---------- Working data

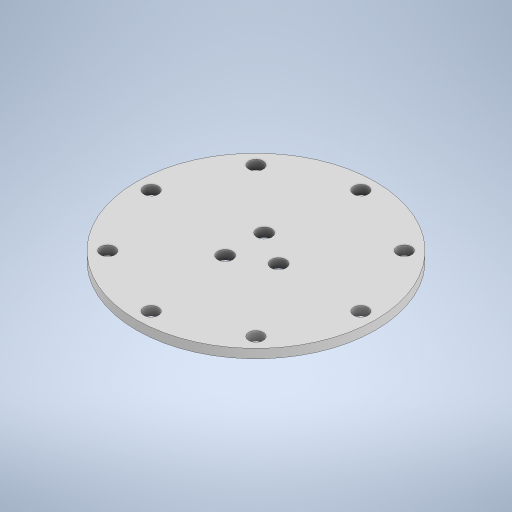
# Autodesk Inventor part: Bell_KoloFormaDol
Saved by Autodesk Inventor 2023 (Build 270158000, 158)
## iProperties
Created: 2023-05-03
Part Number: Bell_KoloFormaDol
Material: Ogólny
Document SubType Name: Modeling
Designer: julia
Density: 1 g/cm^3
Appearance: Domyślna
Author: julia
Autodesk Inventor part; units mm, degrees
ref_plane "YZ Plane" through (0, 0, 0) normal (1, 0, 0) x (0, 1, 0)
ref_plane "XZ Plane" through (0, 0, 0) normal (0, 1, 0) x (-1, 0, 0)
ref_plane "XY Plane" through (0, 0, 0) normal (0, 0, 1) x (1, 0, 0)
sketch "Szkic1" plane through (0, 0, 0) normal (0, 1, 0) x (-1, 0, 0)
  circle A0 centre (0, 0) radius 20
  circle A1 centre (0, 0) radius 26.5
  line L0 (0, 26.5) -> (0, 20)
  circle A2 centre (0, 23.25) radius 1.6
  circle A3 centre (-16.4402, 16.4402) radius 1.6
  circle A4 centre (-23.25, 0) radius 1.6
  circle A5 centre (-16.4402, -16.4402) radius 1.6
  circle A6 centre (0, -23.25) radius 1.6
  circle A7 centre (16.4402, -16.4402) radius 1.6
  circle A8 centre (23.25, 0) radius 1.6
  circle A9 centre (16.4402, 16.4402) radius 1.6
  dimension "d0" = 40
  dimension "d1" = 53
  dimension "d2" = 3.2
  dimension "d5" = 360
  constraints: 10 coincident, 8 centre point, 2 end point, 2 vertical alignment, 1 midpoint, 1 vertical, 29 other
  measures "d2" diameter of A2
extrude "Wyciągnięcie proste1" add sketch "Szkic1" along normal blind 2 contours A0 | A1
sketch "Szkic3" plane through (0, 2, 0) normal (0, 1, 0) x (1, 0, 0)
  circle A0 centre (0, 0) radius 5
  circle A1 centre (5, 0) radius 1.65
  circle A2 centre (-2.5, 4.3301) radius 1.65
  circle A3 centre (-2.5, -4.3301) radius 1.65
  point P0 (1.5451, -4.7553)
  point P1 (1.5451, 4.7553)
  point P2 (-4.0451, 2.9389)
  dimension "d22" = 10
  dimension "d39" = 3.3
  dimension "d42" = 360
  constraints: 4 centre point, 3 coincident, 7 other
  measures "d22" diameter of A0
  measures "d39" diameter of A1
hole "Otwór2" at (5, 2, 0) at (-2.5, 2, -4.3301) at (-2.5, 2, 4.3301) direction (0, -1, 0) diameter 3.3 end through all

--------------------

What is required:
The answer must be the full listing, word for word, with no images in it.

Task response:
# Autodesk Inventor part: Bell_KoloFormaDol
Saved by Autodesk Inventor 2023 (Build 270158000, 158)
## iProperties
Created: 2023-05-03
Part Number: Bell_KoloFormaDol
Material: Ogólny
Document SubType Name: Modeling
Designer: julia
Density: 1 g/cm^3
Appearance: Domyślna
Author: julia
Autodesk Inventor part; units mm, degrees
ref_plane "YZ Plane" through (0, 0, 0) normal (1, 0, 0) x (0, 1, 0)
ref_plane "XZ Plane" through (0, 0, 0) normal (0, 1, 0) x (-1, 0, 0)
ref_plane "XY Plane" through (0, 0, 0) normal (0, 0, 1) x (1, 0, 0)
sketch "Szkic1" plane through (0, 0, 0) normal (0, 1, 0) x (-1, 0, 0)
  circle A0 centre (0, 0) radius 20
  circle A1 centre (0, 0) radius 26.5
  line L0 (0, 26.5) -> (0, 20)
  circle A2 centre (0, 23.25) radius 1.6
  circle A3 centre (-16.4402, 16.4402) radius 1.6
  circle A4 centre (-23.25, 0) radius 1.6
  circle A5 centre (-16.4402, -16.4402) radius 1.6
  circle A6 centre (0, -23.25) radius 1.6
  circle A7 centre (16.4402, -16.4402) radius 1.6
  circle A8 centre (23.25, 0) radius 1.6
  circle A9 centre (16.4402, 16.4402) radius 1.6
  dimension "d0" = 40
  dimension "d1" = 53
  dimension "d2" = 3.2
  dimension "d5" = 360
  constraints: 10 coincident, 8 centre point, 2 end point, 2 vertical alignment, 1 midpoint, 1 vertical, 29 other
  measures "d2" diameter of A2
extrude "Wyciągnięcie proste1" add sketch "Szkic1" along normal blind 2 contours A0 | A1
sketch "Szkic3" plane through (0, 2, 0) normal (0, 1, 0) x (1, 0, 0)
  circle A0 centre (0, 0) radius 5
  circle A1 centre (5, 0) radius 1.65
  circle A2 centre (-2.5, 4.3301) radius 1.65
  circle A3 centre (-2.5, -4.3301) radius 1.65
  point P0 (1.5451, -4.7553)
  point P1 (1.5451, 4.7553)
  point P2 (-4.0451, 2.9389)
  dimension "d22" = 10
  dimension "d39" = 3.3
  dimension "d42" = 360
  constraints: 4 centre point, 3 coincident, 7 other
  measures "d22" diameter of A0
  measures "d39" diameter of A1
hole "Otwór2" at (5, 2, 0) at (-2.5, 2, -4.3301) at (-2.5, 2, 4.3301) direction (0, -1, 0) diameter 3.3 end through all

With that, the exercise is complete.